Within the records below, find each line that holds the string "linetype", then copy it.

Listed records START

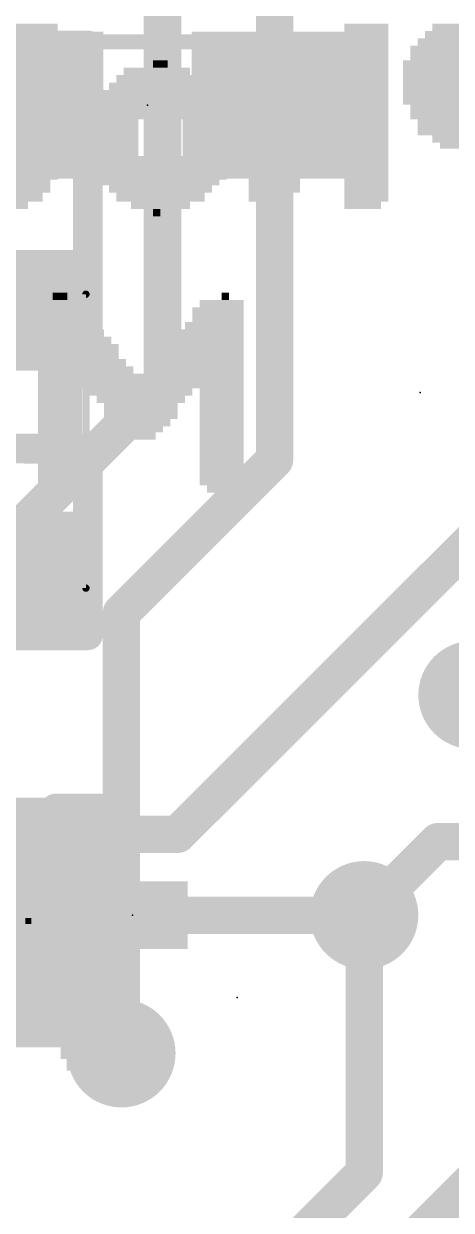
# Model space of a CAD drawing. Extents: x -23 to 84, y -20 to 26.
# Drawn here: x 15.77 to 18.68, y 10.69 to 18.77 of the extents above; entities that cross this region are included whole.
import ezdxf

# ---------------------------------------------------------------- set-up
doc = ezdxf.new("R2010")
doc.units = 0
for name, color, linetype in [('1', 12, 'CONTINUOUS'), ('16', 132, 'CONTINUOUS'), ('18', 110, 'CONTINUOUS'), ('21', 41, 'CONTINUOUS'), ('22', 40, 'CONTINUOUS'), ('23', 53, 'CONTINUOUS'), ('24', 53, 'CONTINUOUS'), ('51', 53, 'CONTINUOUS')]:
    doc.layers.add(name, color=color, linetype=linetype)

# ---------------------------------------------------------------- blocks, each defined once
blk = doc.blocks.new('RECT')
blk.add_solid([(-0.5, -0.5), (0.5, -0.5), (-0.5, 0.5), (0.5, 0.5)])
blk = doc.blocks.new('ROUNDV')
at = {"const_width": 0.5}
blk.add_lwpolyline([(0, -0.25, 1), (0, 0.25, 1), (0, -0.25)], format="xyb", dxfattribs=at)

msp = doc.modelspace()

# ---------------------------------------------------------------- linework, layer by layer
at = {"layer": '1'}
for points, const_width in [([(16.2052, 18.6182), (15.24, 18.6182)], 0.2032), ([(16.2052, 16.5354), (16.2052, 18.6182)], 0.2032), ([(14.5288, 16.5354), (16.2052, 16.5354)], 0.2032), ([(15.875, 15.875), (14.4461, 15.8815)], 0.2032), ([(16.2052, 15.875), (15.875, 15.875)], 0.2032), ([(16.2052, 14.605), (16.2052, 15.875)], 0.2032), ([(16.8162, 13.2508), (18.8308, 15.2654)], 0.254), ([(13.9954, 14.605), (16.2052, 14.605)], 0.2032), ([(15.4608, 13.2508), (16.8162, 13.2508)], 0.254), ([(18.5848, 13.2), (18.0848, 12.7)], 0.254), ([(20.32, 13.2), (18.5848, 13.2)], 0.254), ([(18.0848, 12.7), (16.56, 12.7)], 0.254), ([(15.41, 12.2), (15.994, 12.2)], 0.254), ([(15.994, 12.2), (16.4338, 11.7602)], 0.254)]:
    msp.add_lwpolyline(points, dxfattribs=dict(at, const_width=const_width))
for points, const_width in [([(16.256, 18.6182, 1), (16.1544, 18.6182)], 0.1016), ([(16.2052, 18.5674, 1), (16.2052, 18.669)], 0.1016), ([(16.2052, 16.4846, 1), (16.2052, 16.5862)], 0.1016), ([(16.1544, 16.5354, 1), (16.256, 16.5354)], 0.1016), ([(15.875, 15.9258, 1), (15.875, 15.8242)], 0.1016), ([(15.8748, 15.8242, 1), (15.8752, 15.9258)], 0.1016), ([(16.256, 15.875, 1), (16.1544, 15.875)], 0.1016), ([(16.2052, 15.8242, 1), (16.2052, 15.9258)], 0.1016), ([(16.2052, 14.5542, 1), (16.2052, 14.6558)], 0.1016), ([(16.1544, 14.605, 1), (16.256, 14.605)], 0.1016), ([(16.7713, 13.2957, 1), (16.8611, 13.2059)], 0.127), ([(16.8162, 13.1873, 1), (16.8162, 13.3143)], 0.127), ([(18.5848, 13.2635, 1), (18.5848, 13.1365)], 0.127), ([(18.6297, 13.1551, 1), (18.5399, 13.2449)], 0.127), ([(16.56, 12.7635, 1), (16.56, 12.6365)], 0.127), ([(18.0399, 12.7449, 1), (18.1297, 12.6551)], 0.127), ([(18.0848, 12.6365, 1), (18.0848, 12.7635)], 0.127), ([(16.0389, 12.2449, 1), (15.9491, 12.1551)], 0.127), ([(15.994, 12.1365, 1), (15.994, 12.2635)], 0.127), ([(16.3889, 11.7153, 1), (16.4787, 11.8051)], 0.127)]:
    msp.add_lwpolyline(points, format="xyb", dxfattribs=dict(at, const_width=const_width))
at = {"layer": '16', "const_width": 0.254}
for points in [[(16.7132, 16.3068), (16.7132, 22.8854)], [(17.4752, 21.5392), (17.4752, 15.7988)], [(16.7132, 16.3068), (15.5194, 15.113)], [(17.4752, 15.7988), (16.4338, 14.7574)], [(16.4338, 11.7602), (16.4338, 14.7574)], [(18.0848, 10.9474), (18.0848, 12.7)], [(18.0848, 10.9474), (17.399, 10.2616)], [(18.8214, 10.8966), (17.5768, 9.652)]]:
    msp.add_lwpolyline(points, dxfattribs=at)
at = {"layer": '16', "const_width": 0.127}
for points in [[(16.7581, 16.2619, 1), (16.6683, 16.3517)], [(16.6497, 16.3068, 1), (16.7767, 16.3068)], [(17.5201, 15.7539, 1), (17.4303, 15.8437)], [(17.4117, 15.7988, 1), (17.5387, 15.7988)], [(16.4973, 14.7574, 1), (16.3703, 14.7574)], [(16.3889, 14.8023, 1), (16.4787, 14.7125)], [(18.1483, 12.7, 1), (18.0213, 12.7)], [(16.3703, 11.7602, 1), (16.4973, 11.7602)], [(18.1297, 10.9025, 1), (18.0399, 10.9923)], [(18.0213, 10.9474, 1), (18.1483, 10.9474)]]:
    msp.add_lwpolyline(points, format="xyb", dxfattribs=at)
at = {"layer": '21', "const_width": 0.2032}
for points in [[(15.985, 13.425), (16.335, 13.425)], [(16.335, 13.425), (16.335, 13.125)], [(16.335, 12.275), (16.335, 11.975)], [(16.335, 11.975), (15.985, 11.975)]]:
    msp.add_lwpolyline(points, dxfattribs=at)
at = {"layer": '21', "const_width": 0.1016}
for points in [[(15.985, 13.4758, 1), (15.985, 13.3742)], [(16.3858, 13.425, 1), (16.2842, 13.425)], [(16.335, 13.3742, 1), (16.335, 13.4758)], [(16.2842, 13.125, 1), (16.3858, 13.125)], [(16.3858, 12.275, 1), (16.2842, 12.275)], [(15.985, 12.0258, 1), (15.985, 11.9242)], [(16.335, 11.9242, 1), (16.335, 12.0258)], [(16.2842, 11.975, 1), (16.3858, 11.975)]]:
    msp.add_lwpolyline(points, format="xyb", dxfattribs=at)
at = {"layer": '23'}
for p in [(16.6116, 18.2118), (16.51, 12.7)]:
    msp.add_point(p, dxfattribs=at)
at = {"layer": '24'}
for p in [(18.4658, 16.256), (17.2212, 12.1412)]:
    msp.add_point(p, dxfattribs=at)
at = {"layer": '51'}
for points, const_width in [([(16.2556, 18.6438), (16.9676, 18.6438)], 0.1016), ([(16.2556, 17.7928), (16.9676, 17.7928)], 0.1016), ([(16.1924, 16.9258), (14.5924, 16.9258)], 0.05), ([(16.1924, 14.9258), (16.1924, 16.9258)], 0.05), ([(14.5924, 14.9258), (16.1924, 14.9258)], 0.05)]:
    msp.add_lwpolyline(points, dxfattribs=dict(at, const_width=const_width))
for points, const_width in [([(16.2556, 18.6692, 1), (16.2556, 18.6184)], 0.0508), ([(16.9676, 18.6184, 1), (16.9676, 18.6692)], 0.0508), ([(16.2556, 17.8182, 1), (16.2556, 17.7674)], 0.0508), ([(16.9676, 17.7674, 1), (16.9676, 17.8182)], 0.0508), ([(16.2049, 16.9258, 1), (16.1799, 16.9258)], 0.025), ([(16.1924, 16.9133, 1), (16.1924, 16.9383)], 0.025), ([(16.1799, 14.9258, 1), (16.2049, 14.9258)], 0.025), ([(16.1924, 14.9133, 1), (16.1924, 14.9383)], 0.025)]:
    msp.add_lwpolyline(points, format="xyb", dxfattribs=dict(at, const_width=const_width))

# ---------------------------------------------------------------- block references
at = {"layer": '1', "xscale": 1.1}
for p in [(15.7616, 18.2118), (17.4616, 18.2118)]:
    msp.add_blockref('RECT', p, dxfattribs=at)
at = {"layer": '1', "xscale": 1.8, "yscale": 0.8}
for p in [(15.3924, 16.8258), (15.3924, 15.0258)]:
    msp.add_blockref('RECT', p, dxfattribs=at)
at = {"layer": '1', "xscale": 0.46, "yscale": 0.65, "rotation": 270}
msp.add_blockref('RECT', (16.56, 12.7), dxfattribs=at)
at = {"layer": '18', "xscale": 0.7366, "yscale": 0.7366}
for p in [(18.9484, 18.3896), (18.9484, 18.3896), (18.8214, 14.1986), (18.8214, 14.1986), (18.0848, 12.7), (18.0848, 12.7), (16.4338, 11.7602), (16.4338, 11.7602)]:
    msp.add_blockref('ROUNDV', p, dxfattribs=at)
at = {"layer": '22', "rotation": 180}
for p, xscale, yscale in [((15.8494, 18.7414), 0.3, 0.05), ((18.0994, 18.7414), 0.3, 0.05), ((18.9744, 18.7414), 0.85, 0.05), ((15.8244, 18.6914), 0.35, 0.05), ((15.8244, 18.6414), 0.35, 0.05), ((18.0994, 18.6914), 0.3, 0.05), ((18.0994, 18.6414), 0.3, 0.05), ((18.9244, 18.6414), 0.95, 0.05), ((18.9494, 18.6914), 0.9, 0.05), ((15.8244, 18.5914), 0.35, 0.05), ((18.0994, 18.5914), 0.3, 0.05), ((15.8244, 18.5414), 0.35, 0.05), ((15.8244, 18.4914), 0.35, 0.05), ((16.6994, 18.4914), 0.1, 0.05), ((18.0994, 18.5414), 0.3, 0.05), ((18.0994, 18.4914), 0.3, 0.05), ((18.5494, 18.4914), 0.4, 0.05), ((15.7744, 18.3914), 0.75, 0.05), ((15.7744, 18.4414), 0.65, 0.05), ((16.6994, 18.3914), 0.6, 0.05), ((16.6744, 18.4414), 0.45, 0.05), ((17.8744, 18.3914), 0.75, 0.05), ((17.7244, 18.4414), 0.25, 0.05), ((18.0994, 18.4414), 0.3, 0.05), ((18.5244, 18.4414), 0.35, 0.05), ((18.5244, 18.3914), 0.35, 0.05), ((15.7744, 18.3414), 0.75, 0.05), ((16.6994, 18.3414), 0.7, 0.05), ((17.8494, 18.3414), 0.8, 0.05), ((18.5244, 18.3414), 0.35, 0.05), ((15.7744, 18.2914), 0.75, 0.05), ((15.7744, 18.2414), 0.75, 0.05), ((16.6994, 18.2414), 0.9, 0.05), ((16.6994, 18.2914), 0.8, 0.05), ((17.7994, 18.2414), 0.9, 0.05), ((17.8244, 18.2914), 0.85, 0.05), ((18.5244, 18.2914), 0.35, 0.05), ((18.5494, 18.2414), 0.4, 0.05), ((15.7744, 18.1914), 0.75, 0.05), ((16.6994, 18.1914), 0.9, 0.05), ((17.7994, 18.1914), 0.9, 0.05), ((15.8494, 18.1414), 0.4, 0.05), ((15.8244, 18.0864), 0.35, 0.06), ((16.3994, 18.1414), 0.4, 0.05), ((16.3744, 18.0864), 0.35, 0.06), ((16.9994, 18.1414), 0.4, 0.05), ((17.0244, 18.0864), 0.35, 0.06), ((17.7744, 18.1414), 0.95, 0.05), ((17.4744, 18.0864), 0.35, 0.06), ((18.0744, 18.0864), 0.35, 0.06), ((18.9244, 18.0864), 0.95, 0.06), ((15.8244, 18.0314), 0.35, 0.05), ((15.8244, 17.9814), 0.35, 0.05), ((16.3744, 18.0314), 0.35, 0.05), ((16.3744, 17.9814), 0.35, 0.05), ((17.0244, 18.0314), 0.35, 0.05), ((17.0244, 17.9814), 0.35, 0.05), ((17.4744, 18.0314), 0.35, 0.05), ((17.4744, 17.9814), 0.35, 0.05), ((18.0744, 18.0314), 0.35, 0.05), ((18.0994, 17.9814), 0.3, 0.05), ((18.9244, 18.0314), 0.95, 0.05), ((18.9744, 17.9814), 0.85, 0.05), ((15.8244, 17.9414), 0.35, 0.05), ((16.3744, 17.9414), 0.35, 0.05), ((17.0244, 17.9414), 0.35, 0.05), ((17.4744, 17.9414), 0.35, 0.05), ((18.0994, 17.9414), 0.3, 0.05), ((18.9994, 17.9414), 0.8, 0.05), ((15.8244, 17.8914), 0.35, 0.05), ((15.8244, 17.8364), 0.35, 0.06), ((16.3744, 17.8914), 0.35, 0.05), ((16.3994, 17.8364), 0.4, 0.06), ((16.9494, 17.8364), 0.4, 0.06), ((17.0244, 17.8914), 0.35, 0.05), ((17.4744, 17.8914), 0.35, 0.05), ((17.4744, 17.8364), 0.35, 0.06), ((18.0994, 17.8914), 0.3, 0.05), ((18.0994, 17.8364), 0.3, 0.06), ((15.7494, 17.7814), 0.5, 0.05), ((16.6994, 17.7814), 0.9, 0.05), ((17.4744, 17.7814), 0.35, 0.05), ((18.0994, 17.7814), 0.3, 0.05), ((15.7244, 17.7314), 0.55, 0.05), ((15.6994, 17.6914), 0.5, 0.05), ((16.6994, 17.7314), 0.9, 0.05), ((16.6994, 17.6914), 0.8, 0.05), ((17.4744, 17.7314), 0.35, 0.05), ((17.4744, 17.6914), 0.35, 0.05), ((18.0994, 17.7314), 0.3, 0.05), ((18.0994, 17.6914), 0.3, 0.05), ((15.6994, 17.6414), 0.5, 0.05), ((15.6744, 17.5864), 0.45, 0.06), ((16.6994, 17.6414), 0.7, 0.05), ((16.6994, 17.5864), 0.6, 0.06), ((17.4744, 17.6414), 0.35, 0.05), ((17.4494, 17.5864), 0.3, 0.06), ((18.0994, 17.6414), 0.3, 0.05), ((18.0994, 17.5864), 0.3, 0.06), ((15.6494, 17.5314), 0.3, 0.05), ((16.6994, 17.5314), 0.4, 0.05), ((17.4744, 17.5314), 0.25, 0.05), ((18.0744, 17.5314), 0.25, 0.05), ((16.6744, 17.4814), 0.05, 0.05), ((16.0158, 16.861), 0.3, 0.05), ((16.0158, 16.911), 0.1, 0.05), ((17.1158, 16.861), 0.3, 0.05), ((17.1408, 16.911), 0.05, 0.05), ((16.0408, 16.811), 0.35, 0.05), ((17.0908, 16.811), 0.35, 0.05), ((16.0658, 16.761), 0.4, 0.05), ((16.0658, 16.711), 0.4, 0.05), ((17.0658, 16.711), 0.4, 0.05), ((17.0908, 16.761), 0.35, 0.05), ((16.0908, 16.661), 0.45, 0.05), ((16.1158, 16.611), 0.5, 0.05), ((17.0158, 16.611), 0.5, 0.05), ((17.0408, 16.661), 0.45, 0.05), ((16.1408, 16.561), 0.55, 0.05), ((16.9908, 16.561), 0.55, 0.05), ((16.1408, 16.511), 0.55, 0.05), ((16.1658, 16.461), 0.6, 0.05), ((16.9658, 16.461), 0.6, 0.05), ((16.9908, 16.511), 0.55, 0.05), ((16.1908, 16.411), 0.65, 0.05), ((16.9408, 16.411), 0.65, 0.05), ((16.5658, 16.361), 1.4, 0.05), ((16.5658, 16.311), 1.4, 0.05), ((16.0158, 16.261), 0.3, 0.05), ((16.0158, 16.211), 0.3, 0.05), ((16.5658, 16.261), 0.7, 0.05), ((16.5658, 16.211), 0.6, 0.05), ((17.1158, 16.261), 0.3, 0.05), ((17.1158, 16.211), 0.3, 0.05), ((16.0158, 16.156), 0.3, 0.06), ((16.5658, 16.156), 0.5, 0.06), ((17.1158, 16.156), 0.3, 0.06), ((16.0158, 16.101), 0.3, 0.05), ((16.0158, 16.051), 0.3, 0.05), ((16.5658, 16.101), 0.5, 0.05), ((16.5658, 16.051), 0.4, 0.05), ((17.1158, 16.101), 0.3, 0.05), ((17.1158, 16.051), 0.3, 0.05), ((16.0158, 16.011), 0.3, 0.05), ((16.5658, 16.011), 0.3, 0.05), ((17.1158, 16.011), 0.3, 0.05), ((16.0158, 15.961), 0.3, 0.05), ((16.0158, 15.906), 0.3, 0.06), ((16.5658, 15.961), 0.2, 0.05), ((17.1158, 15.961), 0.3, 0.05), ((17.1158, 15.906), 0.3, 0.06), ((16.0158, 15.851), 0.3, 0.05), ((16.0158, 15.801), 0.3, 0.05), ((17.1158, 15.851), 0.3, 0.05), ((17.1158, 15.801), 0.3, 0.05), ((16.0158, 15.761), 0.3, 0.05), ((17.1158, 15.761), 0.3, 0.05), ((16.0158, 15.711), 0.3, 0.05), ((16.0158, 15.656), 0.3, 0.06), ((17.1158, 15.711), 0.3, 0.05), ((17.1158, 15.656), 0.3, 0.06), ((16.0158, 15.601), 0.2, 0.05), ((17.1408, 15.601), 0.25, 0.05), ((15.8012, 12.6612), 0.04, 0.04), ((15.7812, 12.5812), 0.24, 0.04), ((15.8012, 12.6212), 0.2, 0.04), ((15.7812, 12.5012), 0.32, 0.04), ((15.8012, 12.5412), 0.28, 0.04), ((15.7812, 12.4212), 0.4, 0.04), ((15.8012, 12.4612), 0.36, 0.04), ((15.7812, 12.3412), 0.48, 0.04), ((15.8012, 12.3812), 0.44, 0.04), ((15.7812, 12.2612), 0.56, 0.04), ((15.8012, 12.3012), 0.52, 0.04), ((15.6212, 12.1812), 0.32, 0.04), ((15.8012, 12.2212), 0.6, 0.04), ((15.9612, 12.1812), 0.28, 0.04), ((15.9812, 12.1412), 0.32, 0.04), ((16.0012, 12.1012), 0.28, 0.04), ((15.7812, 12.0212), 0.8, 0.04), ((16.0212, 12.0612), 0.32, 0.04), ((15.7812, 11.9412), 0.88, 0.04), ((15.8012, 11.9812), 0.84, 0.04), ((15.7812, 11.8612), 0.96, 0.04), ((15.8012, 11.9012), 0.92, 0.04), ((16.1612, 11.7812), 0.28, 0.04), ((16.1612, 11.7412), 0.28, 0.04), ((16.2012, 11.7012), 0.28, 0.04), ((16.1812, 11.6612), 0.24, 0.04), ((16.1812, 11.6212), 0.16, 0.04)]:
    msp.add_blockref('RECT', p, dxfattribs=dict(at, xscale=xscale, yscale=yscale))
for p, yscale in [((18.8994, 18.5914), 0.05), ((18.8994, 18.5414), 0.05), ((18.8994, 18.1914), 0.05), ((18.8994, 18.1414), 0.05), ((15.8012, 11.8212), 0.04)]:
    msp.add_blockref('RECT', p, dxfattribs=dict(at, yscale=yscale))
at = {"layer": '51', "xscale": 0.5001, "yscale": 0.95}
for p in [(16.0235, 18.2169), (17.1919, 18.2169)]:
    msp.add_blockref('RECT', p, dxfattribs=at)
at = {"layer": '51', "rotation": 270}
for p, xscale, yscale in [((15.3924, 16.6708), 0.53, 1.62), ((15.3974, 15.1808), 0.53, 1.63), ((15.985, 12.7), 1.6, 0.86)]:
    msp.add_blockref('RECT', p, dxfattribs=dict(at, xscale=xscale, yscale=yscale))

doc.saveas('drawing.dxf')

Listed records END

[Solution to this problem]
for name, color, linetype in [('1', 12, 'CONTINUOUS'), ('16', 132, 'CONTINUOUS'), ('18', 110, 'CONTINUOUS'), ('21', 41, 'CONTINUOUS'), ('22', 40, 'CONTINUOUS'), ('23', 53, 'CONTINUOUS'), ('24', 53, 'CONTINUOUS'), ('51', 53, 'CONTINUOUS')]:
    doc.layers.add(name, color=color, linetype=linetype)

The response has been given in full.